=== Section Start ===
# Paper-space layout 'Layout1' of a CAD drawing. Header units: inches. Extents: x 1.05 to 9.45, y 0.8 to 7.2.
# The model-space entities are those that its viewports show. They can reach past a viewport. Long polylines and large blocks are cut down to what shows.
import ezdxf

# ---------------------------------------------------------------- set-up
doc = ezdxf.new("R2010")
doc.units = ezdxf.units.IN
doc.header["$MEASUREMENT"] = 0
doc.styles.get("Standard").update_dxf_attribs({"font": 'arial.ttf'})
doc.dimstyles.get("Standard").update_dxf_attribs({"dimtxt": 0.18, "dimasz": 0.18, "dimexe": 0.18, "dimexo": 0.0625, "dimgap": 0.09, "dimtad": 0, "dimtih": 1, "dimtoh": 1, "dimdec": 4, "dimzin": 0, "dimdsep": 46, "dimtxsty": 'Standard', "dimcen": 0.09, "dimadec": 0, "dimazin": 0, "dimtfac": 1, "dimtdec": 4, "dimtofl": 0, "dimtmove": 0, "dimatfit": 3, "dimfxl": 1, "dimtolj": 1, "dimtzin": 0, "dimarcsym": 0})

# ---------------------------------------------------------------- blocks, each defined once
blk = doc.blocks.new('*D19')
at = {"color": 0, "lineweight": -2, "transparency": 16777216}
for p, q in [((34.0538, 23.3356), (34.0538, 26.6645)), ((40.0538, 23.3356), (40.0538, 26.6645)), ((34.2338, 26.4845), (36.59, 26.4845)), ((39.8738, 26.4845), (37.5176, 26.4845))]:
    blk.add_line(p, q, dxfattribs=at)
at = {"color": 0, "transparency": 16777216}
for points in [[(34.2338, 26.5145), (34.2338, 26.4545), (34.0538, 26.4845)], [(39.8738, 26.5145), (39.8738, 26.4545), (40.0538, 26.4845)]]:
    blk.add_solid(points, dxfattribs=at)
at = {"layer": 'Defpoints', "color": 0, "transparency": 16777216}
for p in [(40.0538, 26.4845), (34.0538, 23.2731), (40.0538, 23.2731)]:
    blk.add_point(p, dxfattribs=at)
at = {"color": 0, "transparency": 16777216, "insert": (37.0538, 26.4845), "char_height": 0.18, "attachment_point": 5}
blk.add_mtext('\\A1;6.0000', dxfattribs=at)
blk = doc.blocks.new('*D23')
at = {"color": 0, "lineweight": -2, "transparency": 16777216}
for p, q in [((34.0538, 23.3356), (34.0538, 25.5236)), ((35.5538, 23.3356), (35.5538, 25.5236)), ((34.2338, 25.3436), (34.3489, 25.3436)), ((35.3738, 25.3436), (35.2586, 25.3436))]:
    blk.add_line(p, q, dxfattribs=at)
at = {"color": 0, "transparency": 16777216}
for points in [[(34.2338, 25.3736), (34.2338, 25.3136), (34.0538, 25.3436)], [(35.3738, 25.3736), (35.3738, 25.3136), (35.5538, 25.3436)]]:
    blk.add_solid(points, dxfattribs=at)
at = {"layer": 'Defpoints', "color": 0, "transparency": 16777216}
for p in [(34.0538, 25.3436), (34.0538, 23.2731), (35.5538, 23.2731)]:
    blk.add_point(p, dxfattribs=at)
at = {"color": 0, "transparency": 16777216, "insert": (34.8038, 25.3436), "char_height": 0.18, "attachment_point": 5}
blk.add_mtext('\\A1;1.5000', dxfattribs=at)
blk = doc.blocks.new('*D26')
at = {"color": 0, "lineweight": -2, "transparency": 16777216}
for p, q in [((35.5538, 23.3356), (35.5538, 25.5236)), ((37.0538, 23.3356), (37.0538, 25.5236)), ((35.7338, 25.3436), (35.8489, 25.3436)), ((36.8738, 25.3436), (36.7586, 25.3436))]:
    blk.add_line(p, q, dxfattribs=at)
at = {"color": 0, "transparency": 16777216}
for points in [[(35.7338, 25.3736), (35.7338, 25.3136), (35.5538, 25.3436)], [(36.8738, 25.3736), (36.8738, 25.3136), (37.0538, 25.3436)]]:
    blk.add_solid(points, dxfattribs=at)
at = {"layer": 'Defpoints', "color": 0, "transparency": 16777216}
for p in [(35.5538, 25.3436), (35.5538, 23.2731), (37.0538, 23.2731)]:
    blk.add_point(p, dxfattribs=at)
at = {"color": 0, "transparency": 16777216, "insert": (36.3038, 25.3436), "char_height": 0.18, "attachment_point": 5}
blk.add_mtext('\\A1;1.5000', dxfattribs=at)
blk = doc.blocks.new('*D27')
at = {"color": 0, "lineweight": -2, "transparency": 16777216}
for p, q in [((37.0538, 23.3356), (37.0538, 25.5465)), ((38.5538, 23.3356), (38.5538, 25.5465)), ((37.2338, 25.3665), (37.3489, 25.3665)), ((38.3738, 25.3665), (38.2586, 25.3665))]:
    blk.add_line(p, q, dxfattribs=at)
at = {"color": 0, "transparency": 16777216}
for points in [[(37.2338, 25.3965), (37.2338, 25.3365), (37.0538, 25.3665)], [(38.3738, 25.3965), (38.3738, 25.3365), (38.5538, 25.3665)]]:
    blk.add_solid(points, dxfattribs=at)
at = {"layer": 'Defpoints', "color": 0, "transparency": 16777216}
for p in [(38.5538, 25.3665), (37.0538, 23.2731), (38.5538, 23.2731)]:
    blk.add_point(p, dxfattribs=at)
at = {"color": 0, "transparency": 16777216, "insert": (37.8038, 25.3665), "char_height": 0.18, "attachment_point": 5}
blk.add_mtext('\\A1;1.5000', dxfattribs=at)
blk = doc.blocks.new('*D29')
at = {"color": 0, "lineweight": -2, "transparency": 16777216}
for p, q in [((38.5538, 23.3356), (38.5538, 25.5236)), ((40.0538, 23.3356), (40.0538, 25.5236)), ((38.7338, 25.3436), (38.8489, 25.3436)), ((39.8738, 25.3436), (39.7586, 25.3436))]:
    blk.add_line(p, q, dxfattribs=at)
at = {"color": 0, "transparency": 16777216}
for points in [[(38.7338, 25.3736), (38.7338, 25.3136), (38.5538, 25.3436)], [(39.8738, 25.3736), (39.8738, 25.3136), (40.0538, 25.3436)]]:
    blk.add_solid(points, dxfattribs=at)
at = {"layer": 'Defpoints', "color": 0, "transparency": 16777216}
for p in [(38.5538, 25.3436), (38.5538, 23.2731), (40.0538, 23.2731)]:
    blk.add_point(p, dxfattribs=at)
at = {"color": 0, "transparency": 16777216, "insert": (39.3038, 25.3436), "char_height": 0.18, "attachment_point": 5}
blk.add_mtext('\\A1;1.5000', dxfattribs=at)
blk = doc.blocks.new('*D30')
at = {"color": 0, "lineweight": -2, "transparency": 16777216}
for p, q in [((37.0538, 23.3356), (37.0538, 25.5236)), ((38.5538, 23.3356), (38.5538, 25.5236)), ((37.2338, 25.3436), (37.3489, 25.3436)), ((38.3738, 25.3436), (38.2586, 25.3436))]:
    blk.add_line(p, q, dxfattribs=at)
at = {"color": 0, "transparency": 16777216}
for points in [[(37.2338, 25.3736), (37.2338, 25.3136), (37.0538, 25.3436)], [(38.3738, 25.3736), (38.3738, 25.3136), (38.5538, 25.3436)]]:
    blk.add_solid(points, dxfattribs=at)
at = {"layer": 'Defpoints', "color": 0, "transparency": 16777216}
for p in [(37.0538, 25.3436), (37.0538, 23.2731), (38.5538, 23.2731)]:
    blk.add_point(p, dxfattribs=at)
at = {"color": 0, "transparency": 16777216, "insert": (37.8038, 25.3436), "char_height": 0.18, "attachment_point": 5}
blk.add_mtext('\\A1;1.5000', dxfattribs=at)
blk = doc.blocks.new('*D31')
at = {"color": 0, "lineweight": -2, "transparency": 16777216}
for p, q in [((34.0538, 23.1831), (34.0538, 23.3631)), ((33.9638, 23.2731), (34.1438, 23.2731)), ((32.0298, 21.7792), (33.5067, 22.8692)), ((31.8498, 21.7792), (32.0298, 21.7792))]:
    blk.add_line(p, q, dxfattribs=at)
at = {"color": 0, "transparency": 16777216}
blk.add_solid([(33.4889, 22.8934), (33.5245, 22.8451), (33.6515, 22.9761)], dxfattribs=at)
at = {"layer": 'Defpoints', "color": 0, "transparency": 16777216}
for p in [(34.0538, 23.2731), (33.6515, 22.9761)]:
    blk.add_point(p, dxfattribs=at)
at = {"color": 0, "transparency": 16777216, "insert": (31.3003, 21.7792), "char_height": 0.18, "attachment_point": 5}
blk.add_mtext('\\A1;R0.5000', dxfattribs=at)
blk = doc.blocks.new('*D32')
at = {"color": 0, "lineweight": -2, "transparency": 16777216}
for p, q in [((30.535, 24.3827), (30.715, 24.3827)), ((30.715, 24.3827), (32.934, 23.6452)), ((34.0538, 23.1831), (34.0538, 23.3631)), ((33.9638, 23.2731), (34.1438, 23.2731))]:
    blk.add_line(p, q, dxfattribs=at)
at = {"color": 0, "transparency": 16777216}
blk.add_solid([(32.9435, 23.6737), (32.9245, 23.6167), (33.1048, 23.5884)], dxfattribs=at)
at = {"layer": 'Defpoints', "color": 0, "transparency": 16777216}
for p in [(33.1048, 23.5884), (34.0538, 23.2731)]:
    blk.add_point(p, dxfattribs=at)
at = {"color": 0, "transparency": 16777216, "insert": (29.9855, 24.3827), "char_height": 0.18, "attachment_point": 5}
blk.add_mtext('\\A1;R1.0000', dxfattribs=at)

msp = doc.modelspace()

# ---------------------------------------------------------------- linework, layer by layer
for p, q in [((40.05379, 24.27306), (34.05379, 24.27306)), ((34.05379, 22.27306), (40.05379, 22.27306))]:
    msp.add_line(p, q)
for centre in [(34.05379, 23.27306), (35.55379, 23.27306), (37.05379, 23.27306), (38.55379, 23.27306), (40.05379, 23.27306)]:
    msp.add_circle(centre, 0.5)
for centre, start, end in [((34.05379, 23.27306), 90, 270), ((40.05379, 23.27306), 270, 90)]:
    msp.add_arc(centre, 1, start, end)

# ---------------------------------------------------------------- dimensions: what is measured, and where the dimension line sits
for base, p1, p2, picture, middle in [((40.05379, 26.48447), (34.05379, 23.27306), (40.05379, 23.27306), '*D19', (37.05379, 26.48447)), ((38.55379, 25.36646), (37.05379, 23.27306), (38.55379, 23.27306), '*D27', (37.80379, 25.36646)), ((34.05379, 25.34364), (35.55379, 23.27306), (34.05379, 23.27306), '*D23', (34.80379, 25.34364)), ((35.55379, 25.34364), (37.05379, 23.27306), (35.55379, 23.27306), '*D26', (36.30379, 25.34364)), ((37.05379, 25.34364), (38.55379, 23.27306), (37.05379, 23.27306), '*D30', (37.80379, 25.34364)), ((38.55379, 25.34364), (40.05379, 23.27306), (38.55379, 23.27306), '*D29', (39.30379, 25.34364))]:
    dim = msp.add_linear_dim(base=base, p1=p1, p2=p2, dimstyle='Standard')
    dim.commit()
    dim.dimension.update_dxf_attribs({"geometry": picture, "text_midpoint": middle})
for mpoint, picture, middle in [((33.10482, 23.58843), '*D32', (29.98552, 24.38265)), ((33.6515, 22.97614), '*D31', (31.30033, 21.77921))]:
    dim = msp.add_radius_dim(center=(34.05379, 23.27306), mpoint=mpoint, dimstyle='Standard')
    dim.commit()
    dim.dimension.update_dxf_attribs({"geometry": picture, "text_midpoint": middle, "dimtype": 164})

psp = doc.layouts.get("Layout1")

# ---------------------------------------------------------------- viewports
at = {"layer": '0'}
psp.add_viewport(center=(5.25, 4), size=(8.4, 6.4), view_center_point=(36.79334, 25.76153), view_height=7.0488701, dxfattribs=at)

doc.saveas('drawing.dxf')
=== Section End ===
### Exercise
Each line of the records with the word "units" in it is to be copied.

### Reply
# Paper-space layout 'Layout1' of a CAD drawing. Header units: inches. Extents: x 1.05 to 9.45, y 0.8 to 7.2.
doc.units = ezdxf.units.IN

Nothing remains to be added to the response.